The expression patterns of selected PgWRKYs were analyzed under drought and salt stress conditions at different time points using qRT-PCR. As shown in Figures 10a and 10b, most of the PgWRKYs showed differential expression levels under both dehydration and salinity stress conditions at different time points. Specifically, under drought stress condition, we observed the upregulation of six PgWRKYs and downregulation of nine PgWRKYs in terms of their transcript abundance. We found the expression level of PgWRKY96 and PgWRKY61 were significantly induced under drought stress condition. Whereas PgWRKY2, PgWRKY6, PgWRKY52, and PgWRKY74 were significantly downregulated. Similarly, under salt stress condition five PgWRKYs were upregulated and nine PgWRKYs were down regulated when compared to control samples. The salt treated plants showed significant upregulation of PgWRKY62 and downregulation of PgWRKY33, PgWRKY44, PgWRKY59, PgWRKY61 and PgWRKY65, compared to control plants at respective time points.
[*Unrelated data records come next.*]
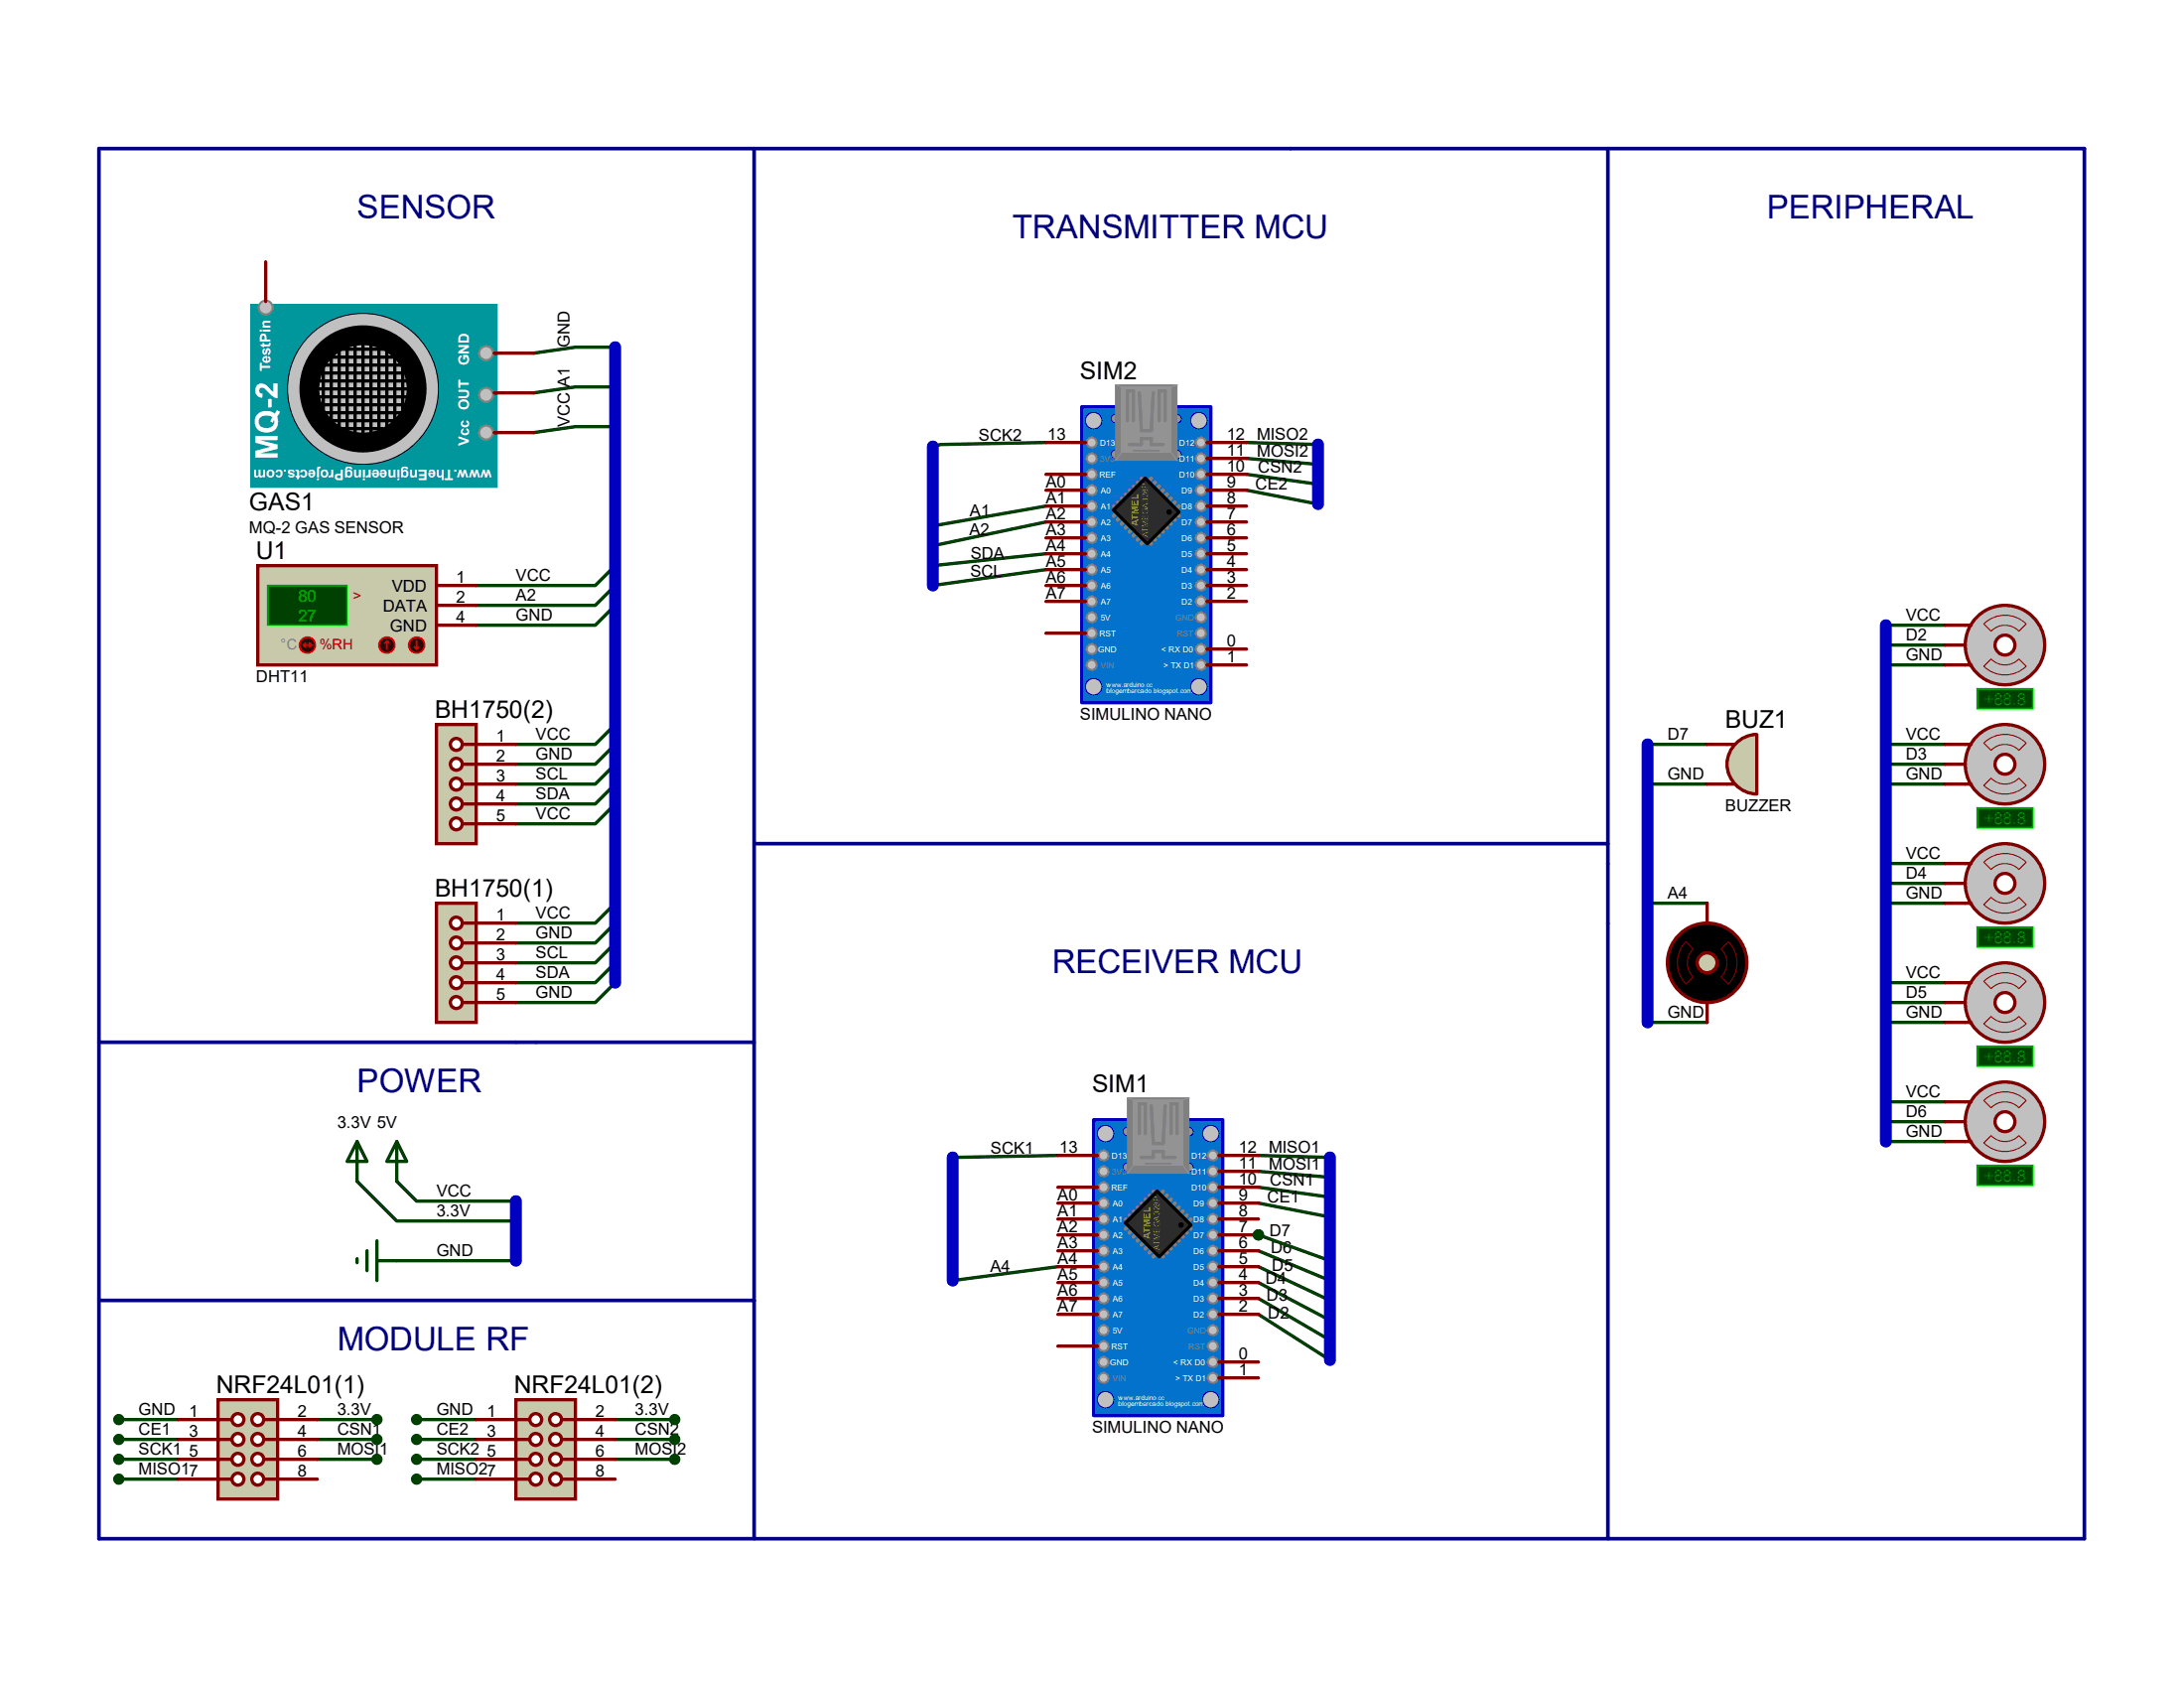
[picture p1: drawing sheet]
<svg xmlns="http://www.w3.org/2000/svg" width="279mm" height="216mm" viewBox="0 0 279 216" stroke-linecap="round" stroke-linejoin="round" font-family="sans-serif">
<g fill="none" stroke="#004000" stroke-width=".42">
<path d="M78.7 44.4h-5.1l-5.3 .8M78.7 49.5h-5.1l-5.3 .7M78.7 54.6h-5.1l-5.3 .7M133.8 56.6l-13.4 .3-1.1 .2M159.5 56.6l9.1 .3M159.5 58.6l9.1 .8M78.7 72.3l-2.5 2.6h-15.3M78.7 74.9l-2.5 2.5h-15.3M78.7 77.4l-2.5 2.6h-15.3M133.8 64.7l-14.5 2.6M133.8 66.8l-14.5 3M133.8 70.8l-14.5 1.5"/>
<path d="M133.8 72.9l-14.5 2M159.5 60.7l9.1 1.2M159.5 62.7l9.1 1.8M241.3 80h7.6M78.7 92.7l-2.5 2.5h-10.2M78.7 95.2l-2.5 2.5h-10.2M78.7 97.7l-2.5 2.6h-10.2M210.8 95.2h7.6M241.3 82.5h7.6M241.3 85h7.6M241.3 95.2h7.6M241.3 97.7h7.6"/>
<path d="M78.7 100.3l-2.5 2.5h-10.2M78.7 102.8l-2.5 2.6h-10.2M78.7 115.5l-2.5 2.6h-10.2M78.7 118.1l-2.5 2.5h-10.2M210.8 100.3h7.6M210.8 115.5h7.6M241.3 100.3h7.6M241.3 110.4h7.6M241.3 113h7.6M241.3 115.5h7.6M78.7 125.7l-2.5 2.5h-10.2M78.7 123.1l-2.5 2.6h-10.2"/>
<path d="M78.7 120.6l-2.5 2.5h-10.2M210.8 130.8h7.6M241.3 125.7h7.6M241.3 128.2h7.6M241.3 130.8h7.6M45.7 151.1l5.1 5.1h15.2M50.8 151.1l2.5 2.5h12.7M135.3 147.8l-13.4 .2M161 147.8l9.1 .2M161 149.8l9.1 .8M161 151.8l9.1 1.3M161 153.9l9.1 1.8"/>
<path d="M161 160l9.1 3.8M241.3 140.9h7.6M241.3 143.5h7.6M241.3 146h7.6M50.8 161.2h15.2M135.3 162l-13.4 1.8M161 162l9.1 4.3M161 164l9.1 4.9M161 166.1l9.1 5.3M161 168.1l9.1 5.8M15.2 181.6h7.6M15.2 184.1h7.6"/>
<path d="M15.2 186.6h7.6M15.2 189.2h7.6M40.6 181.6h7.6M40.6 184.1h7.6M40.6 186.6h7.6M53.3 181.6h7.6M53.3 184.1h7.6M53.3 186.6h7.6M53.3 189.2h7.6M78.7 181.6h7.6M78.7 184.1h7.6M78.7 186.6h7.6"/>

The transcript abundance profile of PgWRKY62 showed similar upregulation pattern in both drought and salt stress conditions. Likewise, the expression pattern of PgWRKY33 and PgWRKY65 was found to be downregulated in both drought and salt stress conditions. In addition, we could not detect the transcripts of PgWRKY4, PgWRKY16, PgWRKY39 and PgWRKY55 in both semi-quantitative as well as in quantitative RT-PCR analysis under drought and salt stress treatments.